Records excerpted from a collection
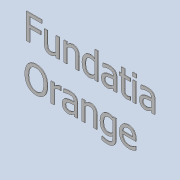
# Autodesk Inventor part: Fundatia orange
Saved by Autodesk Inventor 2020 (Build 240168000, 168)
## iProperties
Created: 2021-01-22
Part Number: Fundatia orange
Material: Generic
Document SubType Name: Modeling
Designer: Iulian Bors
Density: 1 g/cm^3
Appearance: Default
Author: Iulian Bors
Autodesk Inventor part; units mm, degrees
ref_plane "YZ Plane" through (0, 0, 0) normal (1, 0, 0) x (0, 1, 0)
ref_plane "XZ Plane" through (0, 0, 0) normal (0, 1, 0) x (-1, 0, 0)
ref_plane "XY Plane" through (0, 0, 0) normal (0, 0, 1) x (1, 0, 0)
sketch "Sketch1" plane through (0, 0, 0) normal (0, 0, 1) x (1, 0, 0)
  line L0 (-100, 150) -> (100, 150)
  line L1 (100, 150) -> (100, -150)
  line L2 (100, -150) -> (-100, -150)
  line L3 (-100, -150) -> (-100, 150)
  line L4 (-64.214, 58.4793) -> (-50.2905, 58.4793) construction
  line L5 (-50.2905, 58.4793) -> (-50.2905, 44.5299) construction
  line L6 (-50.2905, 44.5299) -> (-64.214, 44.5299) construction
  line L7 (-64.214, 44.5299) -> (-64.214, 58.4793) construction
  line L8 (-25, -80) -> (25, -80)
  line L9 (25, -80) -> (25, -130)
  line L10 (25, -130) -> (-25, -130)
  line L11 (-25, -130) -> (-25, -80)
  line L12 (-46.7302, 54.4072) -> (-58.359, 54.4072)
  line L13 (-58.359, 54.4072) -> (-58.359, 47.357)
  line L14 (-58.359, 47.357) -> (-47.2164, 47.357)
  line L15 (-47.2164, 47.357) -> (-47.2164, 44.3991)
  line L16 (-47.2164, 44.3991) -> (-58.359, 44.3991)
  line L17 (-58.359, 44.3991) -> (-58.359, 32.3651)
  line L18 (-58.359, 32.3651) -> (-61.6815, 32.3651)
  line L19 (-61.6815, 32.3651) -> (-61.6815, 57.3651)
  line L20 (-61.6815, 57.3651) -> (-46.7302, 57.3651)
  line L21 (-46.7302, 57.3651) -> (-46.7302, 54.4072)
  line L22 (-29.4084, 32.3651) -> (-32.5689, 32.3651)
  line L23 (-32.5689, 32.3651) -> (-32.5689, 34.4315)
  spline S0 degree 2 poles (-32.5689, 34.4315) (-34.0276, 33.1552) (-36.641, 31.8383) (-38.2618, 31.8383) knots 0 0 0 1 2 2 2
  spline S1 degree 2 poles (-38.2618, 31.8383) (-39.4773, 31.8383) (-41.6451, 32.6487) (-42.4352, 33.5199) knots 0 0 0 1 2 2 2
  spline S2 degree 2 poles (-42.4352, 33.5199) (-43.2456, 34.391) (-44.137, 37.045) (-44.137, 38.9494) knots 0 0 0 1 2 2 2
  line L24 (-44.137, 38.9494) -> (-44.137, 51.1252)
  line L25 (-44.137, 51.1252) -> (-40.9765, 51.1252)
  line L26 (-40.9765, 51.1252) -> (-40.9765, 40.4283)
  spline S3 degree 2 poles (-40.9765, 40.4283) (-40.9765, 38.9291) (-40.7537, 36.9639) (-40.3687, 36.2346) knots 0 0 0 1 2 2 2
  spline S4 degree 2 poles (-40.3687, 36.2346) (-39.9838, 35.5053) (-38.667, 34.8367) (-37.4311, 34.8367) knots 0 0 0 1 2 2 2
  spline S5 degree 2 poles (-37.4311, 34.8367) (-36.2764, 34.8367) (-33.6629, 36.1536) (-32.5689, 37.1058) knots 0 0 0 1 2 2 2
  line L27 (-32.5689, 37.1058) -> (-32.5689, 51.1252)
  line L28 (-32.5689, 51.1252) -> (-29.4084, 51.1252)
  line L29 (-29.4084, 51.1252) -> (-29.4084, 32.3651)
  line L30 (-10.1013, 32.3651) -> (-13.2618, 32.3651)
  line L31 (-13.2618, 32.3651) -> (-13.2618, 43.062)
  spline S6 degree 2 poles (-13.2618, 43.062) (-13.2618, 44.3586) (-13.5049, 46.5871) (-13.8696, 47.2557) knots 0 0 0 1 2 2 2
  spline S7 degree 2 poles (-13.8696, 47.2557) (-14.2545, 47.9648) (-15.6321, 48.6536) (-16.8072, 48.6536) knots 0 0 0 1 2 2 2
  spline S8 degree 2 poles (-16.8072, 48.6536) (-17.9822, 48.6536) (-20.4741, 47.3975) (-21.6694, 46.3845) knots 0 0 0 1 2 2 2
  line L32 (-21.6694, 46.3845) -> (-21.6694, 32.3651)
  line L33 (-21.6694, 32.3651) -> (-24.8298, 32.3651)
  line L34 (-24.8298, 32.3651) -> (-24.8298, 51.1252)
  line L35 (-24.8298, 51.1252) -> (-21.6694, 51.1252)
  line L36 (-21.6694, 51.1252) -> (-21.6694, 49.0385)
  spline S9 degree 2 poles (-21.6694, 49.0385) (-20.2512, 50.3148) (-17.5162, 51.652) (-15.9765, 51.652) knots 0 0 0 1 2 2 2
  spline S10 degree 2 poles (-15.9765, 51.652) (-13.2213, 51.652) (-10.1013, 48.0053) (-10.1013, 44.5409) knots 0 0 0 1 2 2 2
  line L37 (-10.1013, 44.5409) -> (-10.1013, 32.3651)
  line L38 (8.7601, 32.3651) -> (5.5997, 32.3651)
  line L39 (5.5997, 32.3651) -> (5.5997, 34.2695)
  spline S11 degree 2 poles (5.5997, 34.2695) (4.8703, 33.6617) (3.7966, 32.8513) (3.0672, 32.5069) knots 0 0 0 1 2 2 2
  spline S12 degree 2 poles (3.0672, 32.5069) (2.3987, 32.1827) (0.9603, 31.8383) (0.0081, 31.8383) knots 0 0 0 1 2 2 2
  spline S13 degree 2 poles (0.0081, 31.8383) (-1.5316, 31.8383) (-4.1248, 33.1147) (-5.0365, 34.3505) knots 0 0 0 1 2 2 2
  spline S14 degree 2 poles (-5.0365, 34.3505) (-5.9482, 35.5863) (-6.9611, 39.233) (-6.9611, 41.6033) knots 0 0 0 1 2 2 2
  spline S15 degree 2 poles (-6.9611, 41.6033) (-6.9611, 44.075) (-5.6848, 47.6811) (-4.5705, 49.0385) knots 0 0 0 1 2 2 2
  spline S16 degree 2 poles (-4.5705, 49.0385) (-3.5373, 50.2541) (-0.6402, 51.652) (0.9603, 51.652) knots 0 0 0 1 2 2 2
  spline S17 degree 2 poles (0.9603, 51.652) (2.3582, 51.652) (4.4449, 51.0239) (5.5997, 50.3756) knots 0 0 0 1 2 2 2
  line L40 (5.5997, 50.3756) -> (5.5997, 58.4793)
  line L41 (5.5997, 58.4793) -> (8.7601, 58.4793)
  line L42 (8.7601, 58.4793) -> (8.7601, 32.3651)
  line L43 (5.5997, 36.9234) -> (5.5997, 47.7622)
  spline S18 degree 2 poles (5.5997, 47.7622) (4.4246, 48.3294) (2.5608, 48.7549) (1.487, 48.7549) knots 0 0 0 1 2 2 2
  spline S19 degree 2 poles (1.487, 48.7549) (-0.9441, 48.7549) (-3.6994, 45.1082) (-3.6994, 41.6641) knots 0 0 0 1 2 2 2
  spline S20 degree 2 poles (-3.6994, 41.6641) (-3.6994, 38.3416) (-1.5924, 34.8367) (0.7374, 34.8367) knots 0 0 0 1 2 2 2
  spline S21 degree 2 poles (0.7374, 34.8367) (1.9732, 34.8367) (4.4854, 35.9712) (5.5997, 36.9234) knots 0 0 0 1 2 2 2
  spline S22 degree 2 poles (23.7925, 34.3505) (23.4076, 34.0669) (22.111, 33.0539) (21.5032, 32.75) knots 0 0 0 1 2 2 2
  spline S23 degree 2 poles (21.5032, 32.75) (20.6726, 32.3043) (19.1126, 31.8383) (17.6945, 31.8383) knots 0 0 0 1 2 2 2
  spline S24 degree 2 poles (17.6945, 31.8383) (16.5397, 31.8383) (14.453, 32.7095) (13.6629, 33.4996) knots 0 0 0 1 2 2 2
  spline S25 degree 2 poles (13.6629, 33.4996) (12.9133, 34.2695) (12.0016, 36.5385) (12.0016, 37.7946) knots 0 0 0 1 2 2 2
  spline S26 degree 2 poles (12.0016, 37.7946) (12.0016, 39.7395) (13.6426, 42.4947) (15.4254, 43.2849) knots 0 0 0 1 2 2 2
  spline S27 degree 2 poles (15.4254, 43.2849) (17.0057, 44.0142) (21.3006, 44.5612) (23.7925, 44.703) knots 0 0 0 1 2 2 2
  line L44 (23.7925, 44.703) -> (23.7925, 45.3108)
  spline S28 degree 2 poles (23.7925, 45.3108) (23.7925, 46.4048) (23.124, 47.7622) (22.5162, 48.1471) knots 0 0 0 1 2 2 2
  spline S29 degree 2 poles (22.5162, 48.1471) (21.9084, 48.532) (20.1661, 48.7751) (19.2342, 48.7751) knots 0 0 0 1 2 2 2
  spline S30 degree 2 poles (19.2342, 48.7751) (18.1402, 48.7751) (15.1823, 48.1268) (13.7034, 47.4988) knots 0 0 0 1 2 2 2
  line L45 (13.7034, 47.4988) -> (13.521, 47.4988)
  line L46 (13.521, 47.4988) -> (13.521, 50.72)
  spline S31 degree 2 poles (13.521, 50.72) (14.3922, 50.9631) (17.6539, 51.5709) (19.2544, 51.5709) knots 0 0 0 1 2 2 2
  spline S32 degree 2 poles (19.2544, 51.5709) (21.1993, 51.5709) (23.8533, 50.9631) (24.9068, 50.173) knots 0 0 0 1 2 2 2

# Work to be completed
An exact copy of the lines above, from the one containing "spline S0 degree" through the one containing "line L25 (-44.137, 51.1252)", is the whole of the answer.

# Exercise answer
  spline S0 degree 2 poles (-32.5689, 34.4315) (-34.0276, 33.1552) (-36.641, 31.8383) (-38.2618, 31.8383) knots 0 0 0 1 2 2 2
  spline S1 degree 2 poles (-38.2618, 31.8383) (-39.4773, 31.8383) (-41.6451, 32.6487) (-42.4352, 33.5199) knots 0 0 0 1 2 2 2
  spline S2 degree 2 poles (-42.4352, 33.5199) (-43.2456, 34.391) (-44.137, 37.045) (-44.137, 38.9494) knots 0 0 0 1 2 2 2
  line L24 (-44.137, 38.9494) -> (-44.137, 51.1252)
  line L25 (-44.137, 51.1252) -> (-40.9765, 51.1252)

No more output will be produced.